** Listed records follows **
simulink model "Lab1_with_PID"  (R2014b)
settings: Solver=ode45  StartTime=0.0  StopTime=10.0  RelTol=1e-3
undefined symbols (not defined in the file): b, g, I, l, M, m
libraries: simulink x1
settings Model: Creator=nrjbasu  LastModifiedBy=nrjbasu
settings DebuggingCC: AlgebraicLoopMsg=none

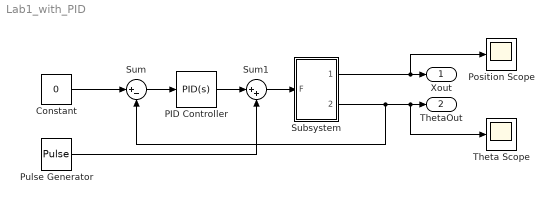
== system Lab1_with_PID ==
  Constant : Constant  Value=0
  PID Controller : simulink/Continuous/PID Controller  Controller=PID  TimeDomain=Continuous-time  SampleTime=-1  IntegratorMethod=Forward Euler  FilterMethod=Forward Euler  Form=Parallel  P=100  I=1  D=20  N=100  InitialConditionSource=internal  InitialConditionForIntegrator=0  InitialConditionForFilter=0  ExternalReset=none  LimitOutput=off  UpperSaturationLimit=inf  LowerSaturationLimit=-inf  LinearizeAsGain=on  AntiWindupMode=none  Kb=1  TrackingMode=off  Kt=1  PParamMin=[]  PParamMax=[]  IParamMin=[]  IParamMax=[]  DParamMin=[]  DParamMax=[]  NParamMin=[]  NParamMax=[]  KbParamMin=[]  KbParamMax=[]  KtParamMin=[]  KtParamMax=[]  POutMin=[]  POutMax=[]  IOutMin=[]  IOutMax=[]  DOutMin=[]  DOutMax=[]  NOutMin=[]  NOutMax=[]  KbOutMin=[]  KbOutMax=[]  KtOutMin=[]  KtOutMax=[]  IntegratorOutMin=[]  IntegratorOutMax=[]  FilterOutMin=[]  FilterOutMax=[]  SumOutMin=[]  SumOutMax=[]  SumI1OutMin=[]  SumI1OutMax=[]  SumI2OutMin=[]  SumI2OutMax=[]  SumI3OutMin=[]  SumI3OutMax=[]  SumDOutMin=[]  SumDOutMax=[]  SaturationOutMin=[]  SaturationOutMax=[]  IntegratorContinuousStateAttributes=''  IntegratorStateMustResolveToSignalObject=off  IntegratorRTWStateStorageClass=Auto  FilterContinuousStateAttributes=''  FilterStateMustResolveToSignalObject=off  FilterRTWStateStorageClass=Auto  DifferentiatorICPrevScaledInput=0  DifferentiatorOutMin=[]  DifferentiatorOutMax=[]  UseFilter=on
  Position Scope : Scope
      settings: TimeRange=10  YMin=-0.2  YMax=1
  Pulse Generator : DiscretePulseGenerator  PulseType=Time based  Amplitude=1000  Period=10  PulseWidth=.001
  Subsystem : Subsystem
  Sum : Sum  Inputs=|+-
  Sum1 : Sum  Inputs=|++
  Theta Scope : Scope
  Xout : Outport
  ThetaOut : Outport  Port=2
  wires:
  Subsystem/1(Xout) -> Position Scope/1, Xout/1
  Constant/1 -> Sum/1
  Sum/1 -> PID Controller/1
  PID Controller/1 -> Sum1/1
  Subsystem/2(Thetaout) -> Sum/2, Theta Scope/1, ThetaOut/1
  Pulse Generator/1 -> Sum1/2
  Sum1/1 -> Subsystem/1(F)

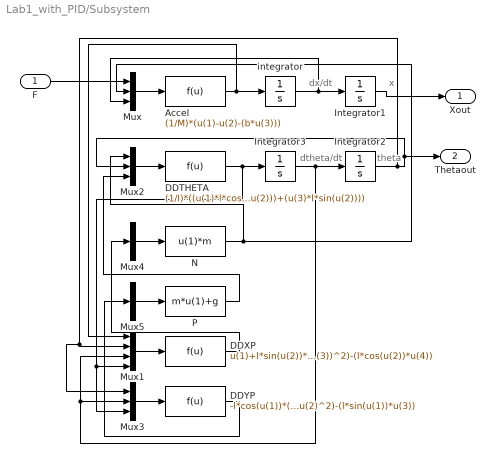
== system Lab1_with_PID/Subsystem ==
  note: x
  note: theta
  note: dtheta/dt
  note: dx/dt
  F : Inport
  Accel : Fcn  Expr=(1/M)*(u(1)-u(2)-(b*u(3)))
  DDTHETA : Fcn  Expr=(1/I)*((u(1)*l*cos(u(2)))+(u(3)*l*sin(u(2))))
  DDXP : Fcn  Expr=u(1)+l*sin(u(2))*((u(3))^2)-(l*cos(u(2))*u(4))
  DDYP : Fcn  Expr=-l*cos(u(1))*(u(2)^2)-(l*sin(u(1))*u(3))
  Integrator1 : Integrator
  Integrator2 : Integrator
  Integrator3 : Integrator
  Mux : Mux  Inputs=3
  Mux1 : Mux
  Mux2 : Mux  Inputs=3
  Mux3 : Mux  Inputs=3
  Mux4 : Mux  Inputs=1
  Mux5 : Mux  Inputs=1
  N : Fcn  Expr=u(1)*m
  P : Fcn  Expr=m*u(1)+g
  integrator : Integrator
  Xout : Outport
  Thetaout : Outport  Port=2
  wires:
  P/1 -> Mux2/3
  F/1 -> Mux/1
  N/1 -> Mux2/1, Mux/2
  Integrator1/1 -> Xout/1
  DDTHETA/1 -> Mux1/4, Mux3/3, Integrator3/1
  Accel/1 -> Mux1/1, integrator/1
  Integrator2/1 -> Mux3/1, Mux1/2, Thetaout/1, Mux2/2
  Integrator3/1 -> Mux3/2, Mux1/3, Integrator2/1
  Mux/1 -> Accel/1
  Mux3/1 -> DDYP/1
  Mux2/1 -> DDTHETA/1
  Mux1/1 -> DDXP/1
  integrator/1 -> Mux/3, Integrator1/1
  Mux4/1 -> N/1
  Mux5/1 -> P/1
  DDXP/1 -> Mux4/1
  DDYP/1 -> Mux5/1
** End of Listed records **
## [Exercise goal]
Print exactly the lines of the listing above starting at the line containing "P/1 -> Mux2/3" and ending at the line containing "integrator/1 -> Mux/3, Integrator1/1", both included.

## [Written solution]
  P/1 -> Mux2/3
  F/1 -> Mux/1
  N/1 -> Mux2/1, Mux/2
  Integrator1/1 -> Xout/1
  DDTHETA/1 -> Mux1/4, Mux3/3, Integrator3/1
  Accel/1 -> Mux1/1, integrator/1
  Integrator2/1 -> Mux3/1, Mux1/2, Thetaout/1, Mux2/2
  Integrator3/1 -> Mux3/2, Mux1/3, Integrator2/1
  Mux/1 -> Accel/1
  Mux3/1 -> DDYP/1
  Mux2/1 -> DDTHETA/1
  Mux1/1 -> DDXP/1
  integrator/1 -> Mux/3, Integrator1/1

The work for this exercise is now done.